Horses for courses. I have a shower once I get to work and I have a long enough ride to mean I got sweaty anyway.

I can see them being useful for all the reasons you list above. In fact most of those reasons are what prompted me to get one, but in practice, it just didn't work for me.


----------



## doginabag (27 Feb 2017)

Well I have had it about a week now so long enough to decide whether it's for me or not....................and, i have decided to keep it.

It's a little less convenient, you don't have quite the same grab and go ability as you do with a backpack, however with how busy the trains are I have to wait until the carriage completely empties before I can get my bike and get off so it doesn't make much odds to me.
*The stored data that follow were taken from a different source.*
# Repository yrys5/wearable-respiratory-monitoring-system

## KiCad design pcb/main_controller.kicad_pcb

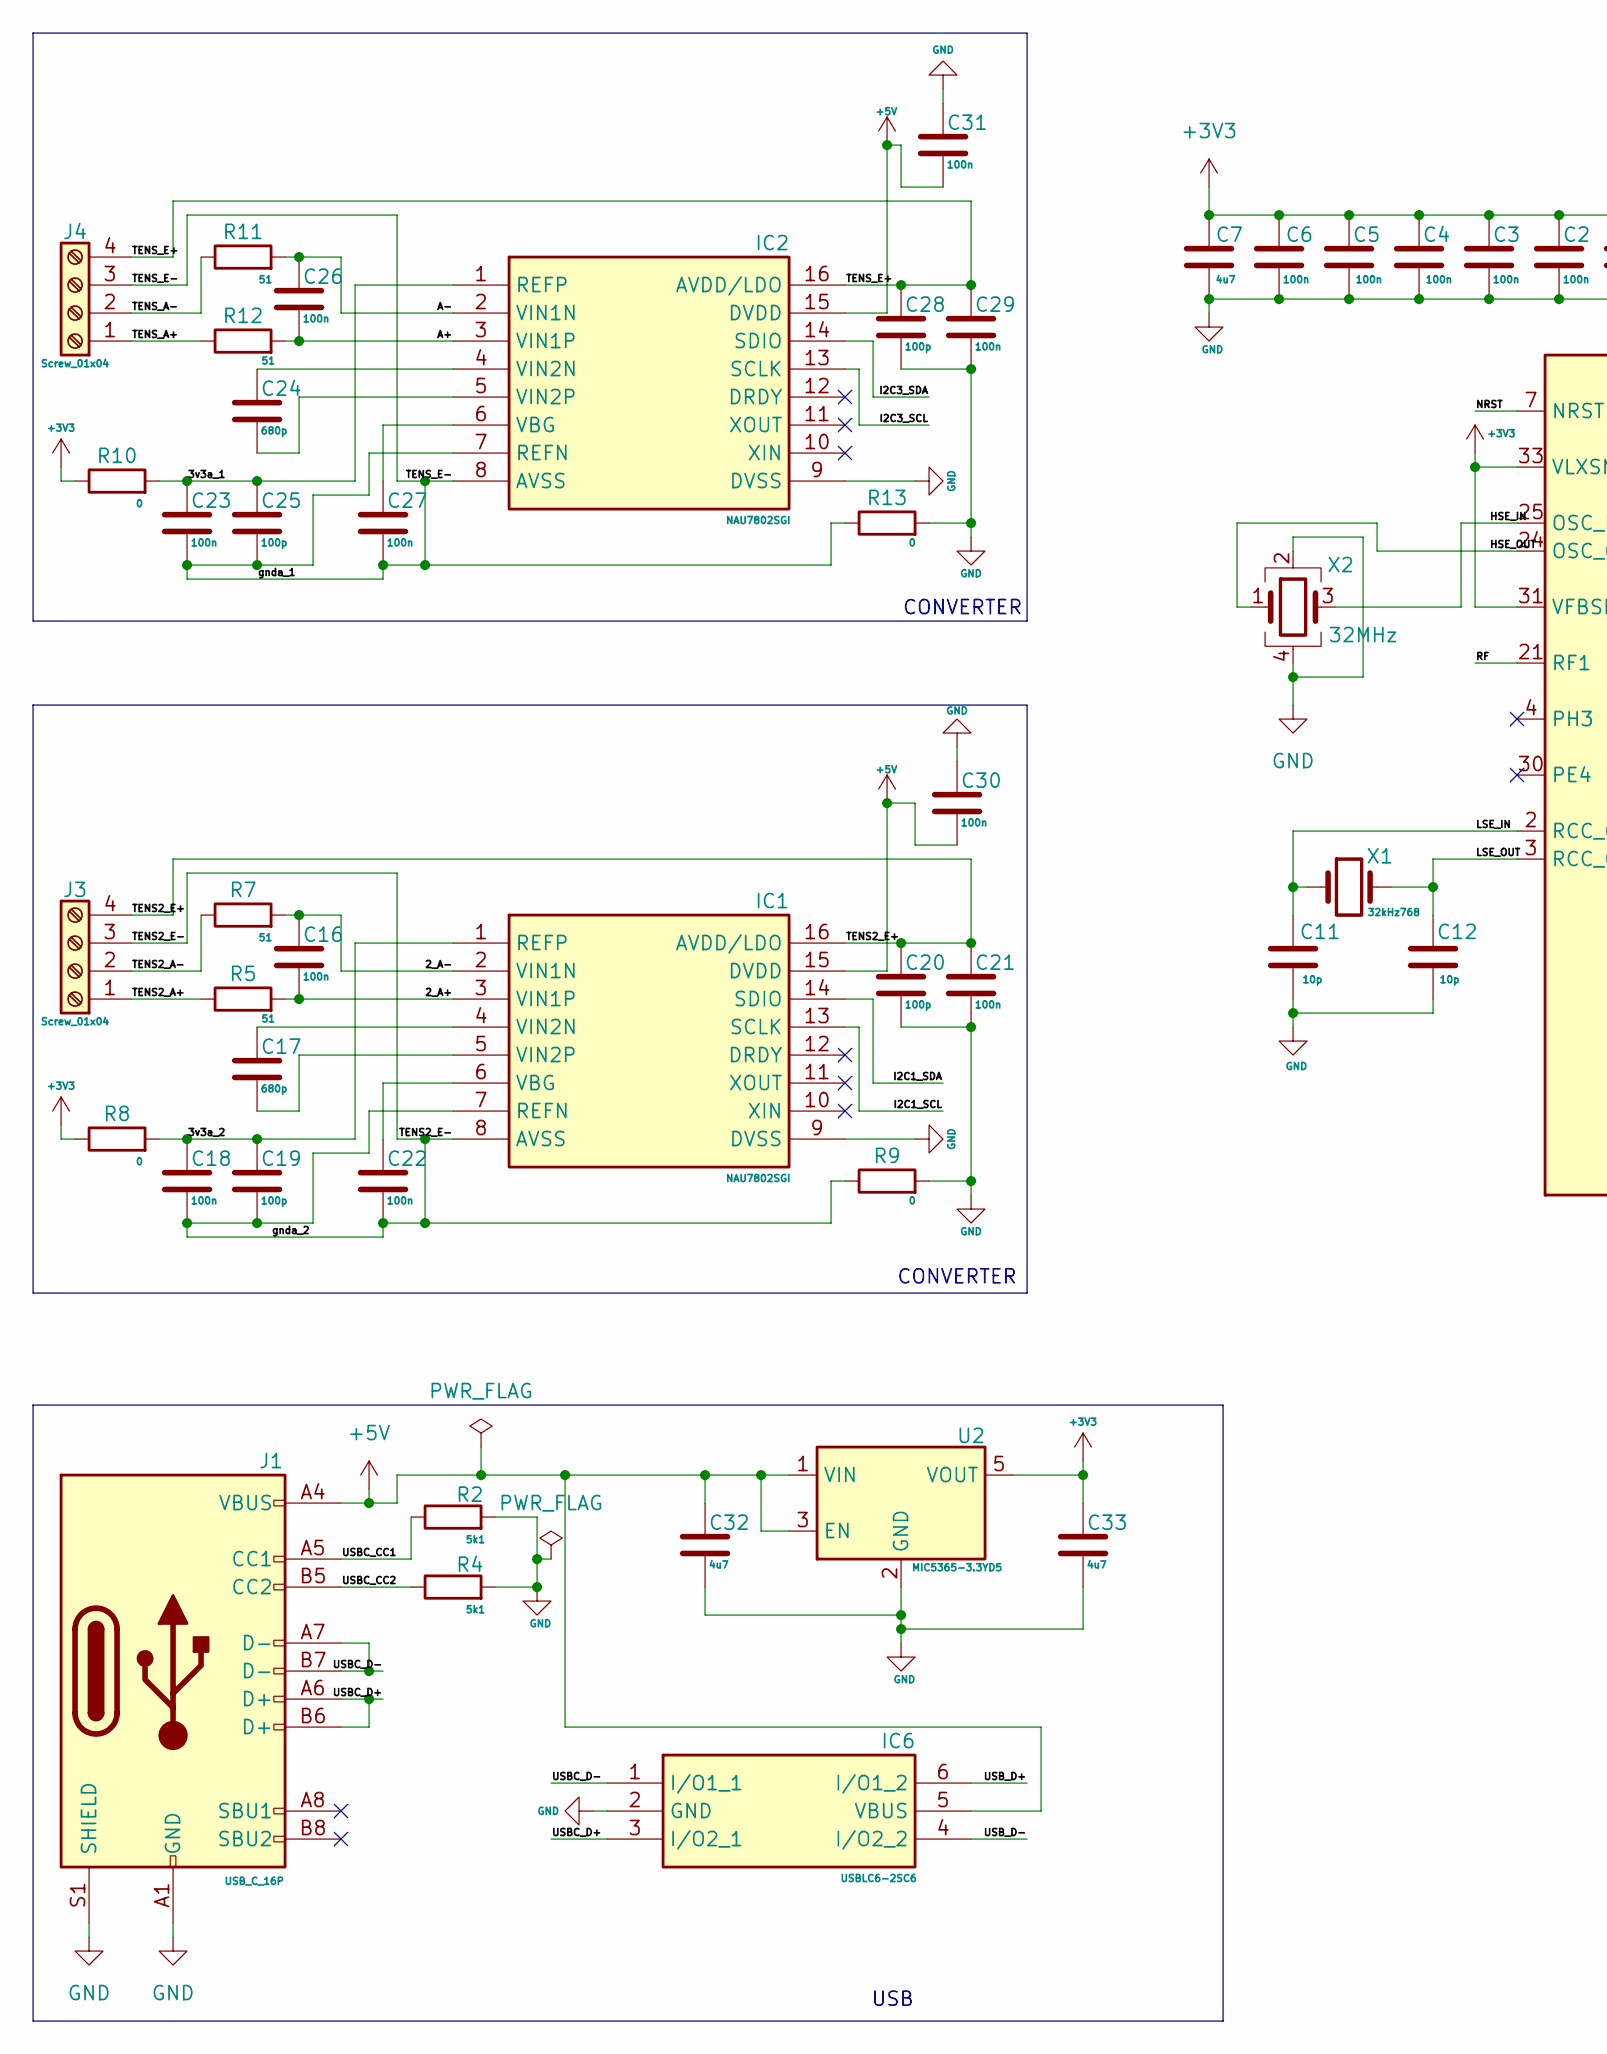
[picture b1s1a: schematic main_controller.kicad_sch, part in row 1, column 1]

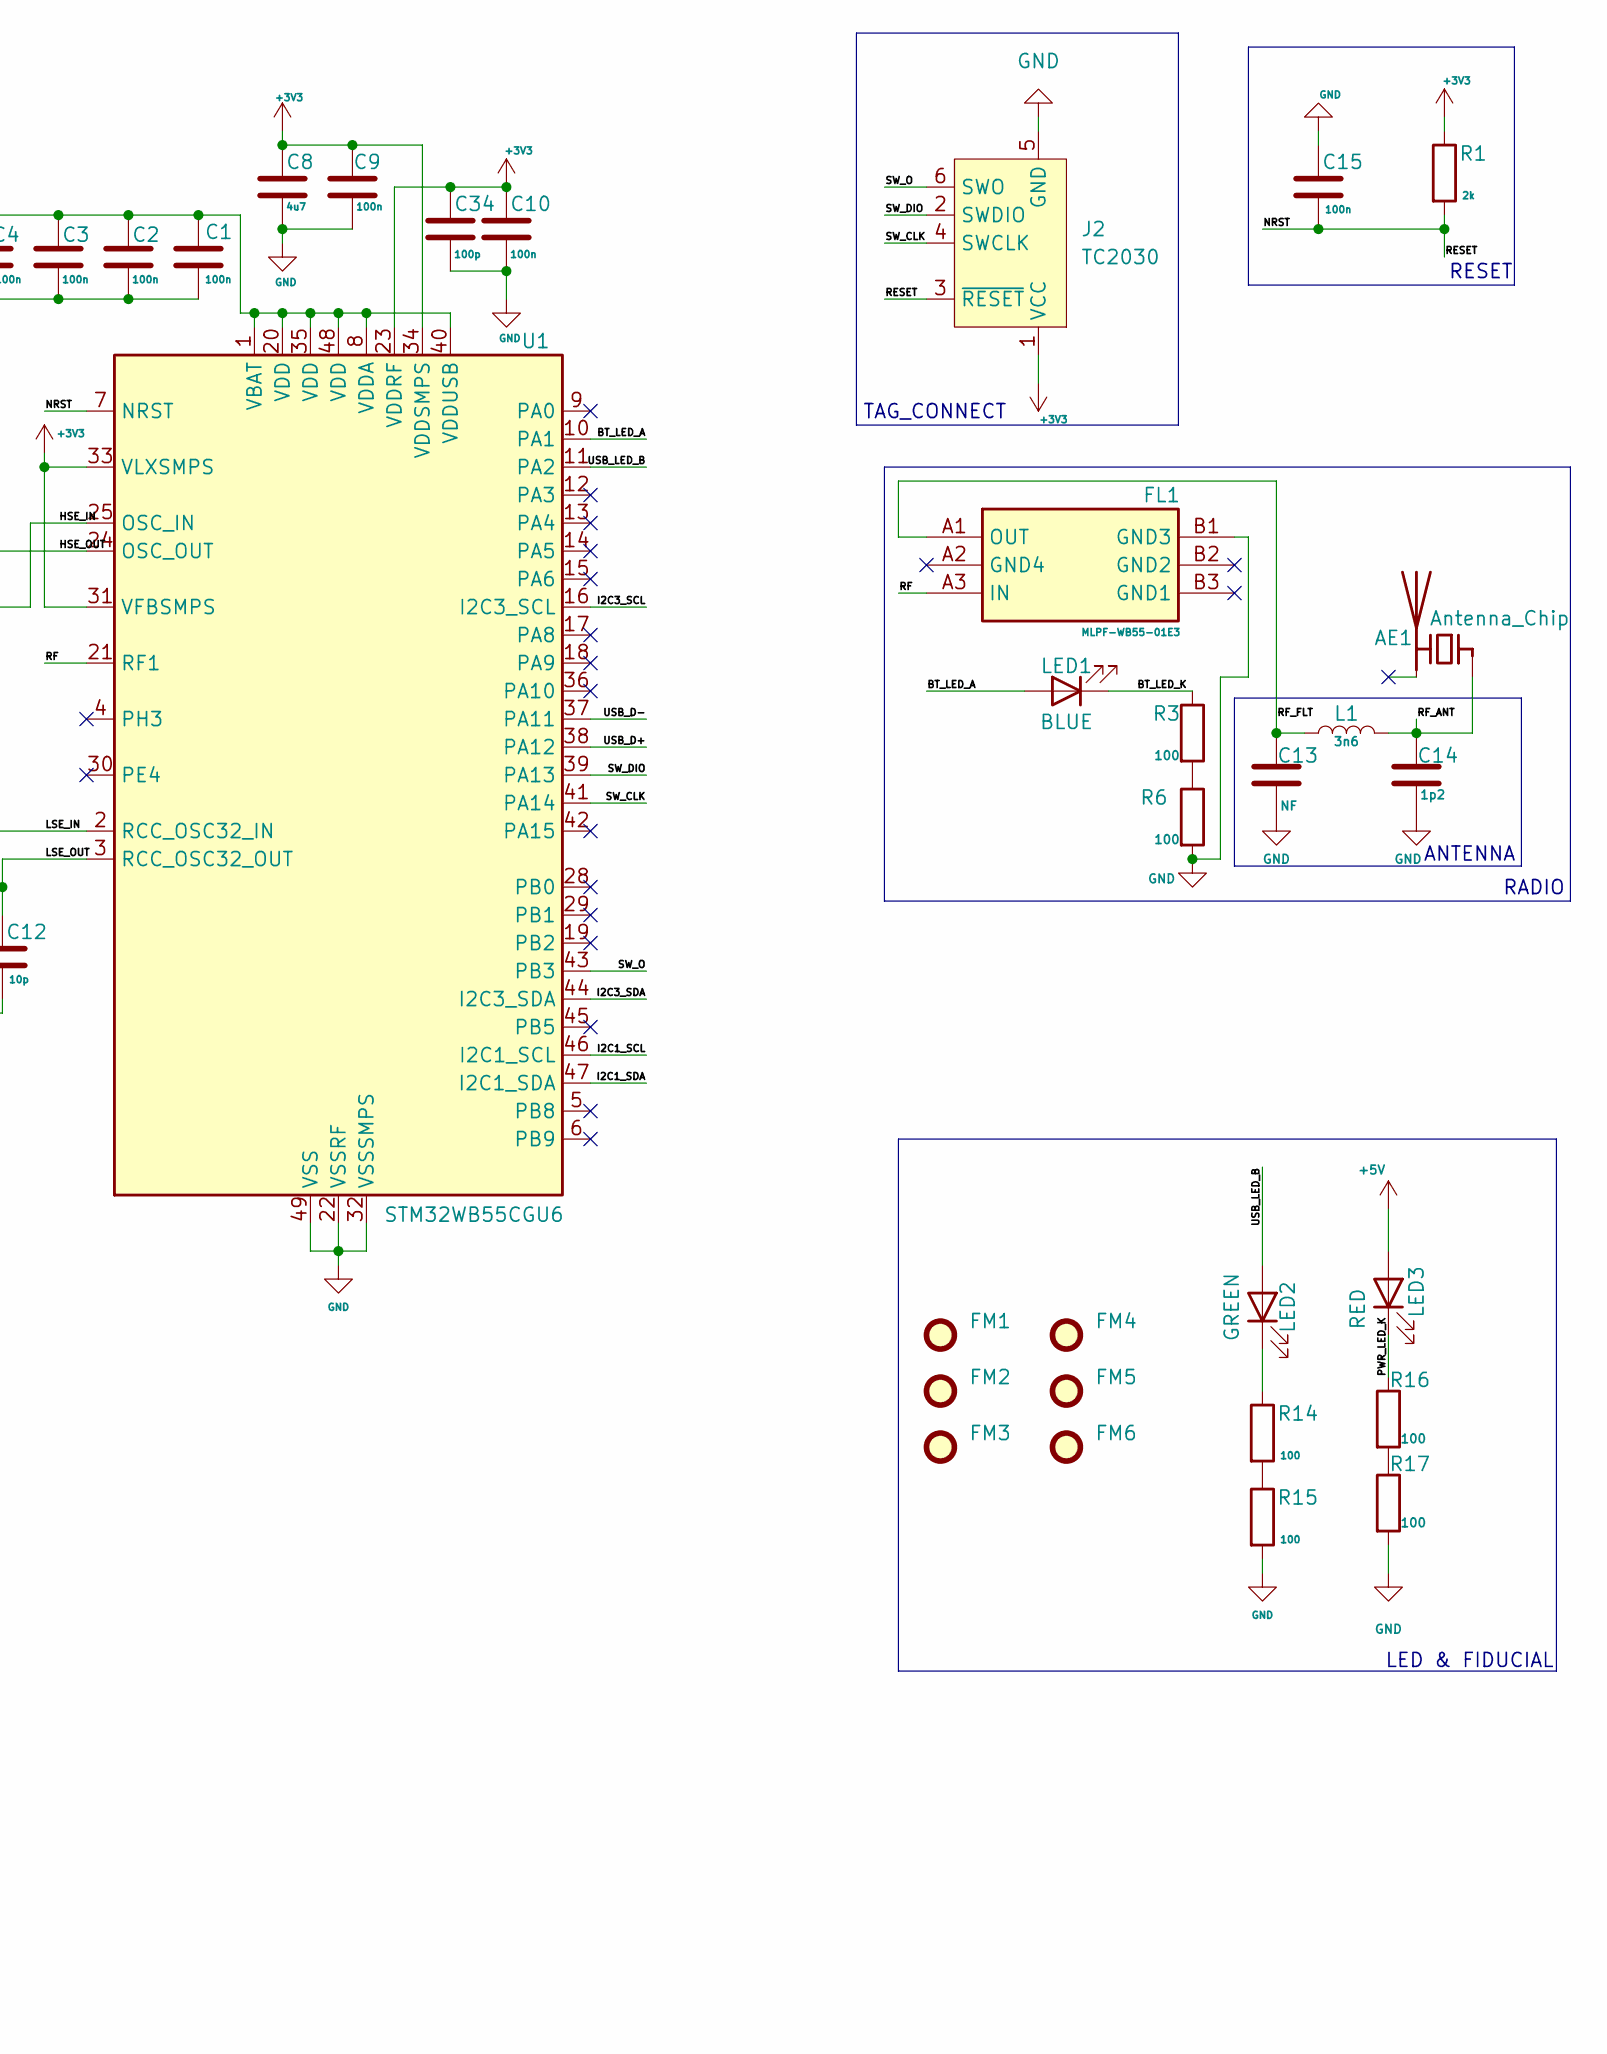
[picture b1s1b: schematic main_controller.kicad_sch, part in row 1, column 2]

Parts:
AE1: Antenna_Chip; ANT3216LL00R2400A; Manufacturer_Part_Number ANT3216LL00R2400A
C1, C2, C3, C4, C5, C6, C9, C10, C15, C16, C18, C21, C22, C23, C26, C27, C29, C30, C31: 100n; C_0402_1005Metric; Manufacturer_Part_Number 04023C104KAT2A
C7, C8, C32, C33: 4u7; C_0603_1608Metric; Manufacturer_Part_Number 0603YD475MAT2A
C11, C12: 10p; C_0402_1005Metric; Manufacturer_Part_Number 04025A100JAT4A
C13: NF; C_0402_1005Metric; Manufacturer_Part_Number 04023A102KAT2A
C14: 1p2; C_0402_1005Metric; Manufacturer_Part_Number 04025U1R2CAT2A; DigiKey Number 490-6210-1-ND
C17, C24: 680p; C_0402_1005Metric; Manufacturer_Part_Number KGM05ACG1H681JH
C19, C20, C25, C28, C34: 100p; C_0402_1005Metric; Manufacturer_Part_Number KGM05ACG1E101JH
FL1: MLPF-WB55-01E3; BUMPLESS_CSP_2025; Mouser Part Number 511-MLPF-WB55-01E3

My biggest concern was the extra wind resistance. It has turned out to not be too bad, generally I have found it isn't really noticeable, with the exception of Thursday when I had Doris blowing in my face!

The S bag would definitely have been enough for me day to day, but I have already found having some spare capacity useful. In fact I am off to Paris for two days at the end of the week and I am seriously considering taking the bike rather than relying on their public transport.

I have also solved the issue of needing to turn the bars 90 degrees to get the bag on and off. I had the brake levers pointing down at a position that was most comfortable, but it only needed them turning a smidgen more and now the bag handle clears with no issue.


----------



## User10571 (6 Mar 2017)

Fitted a C bag to my S bars last week, having taken a hacksaw to the handle.
At the weekend I took £339.00-worth of small change (I had no idea I'd accumulated _that _much) to the Coinstar machine in the stupormarket and returned with a bag full of (significantly lighter) groceries.
Bag and bike performed both tasks well - Although I think that there comes a point with bag loading that it starts to affect handling adversely.
My next task is to apply a liberal coat of Scotchgard to the bag, as the shower-cap which comes with it hurts my eyes, and is unlikely to ever be deployed.


----------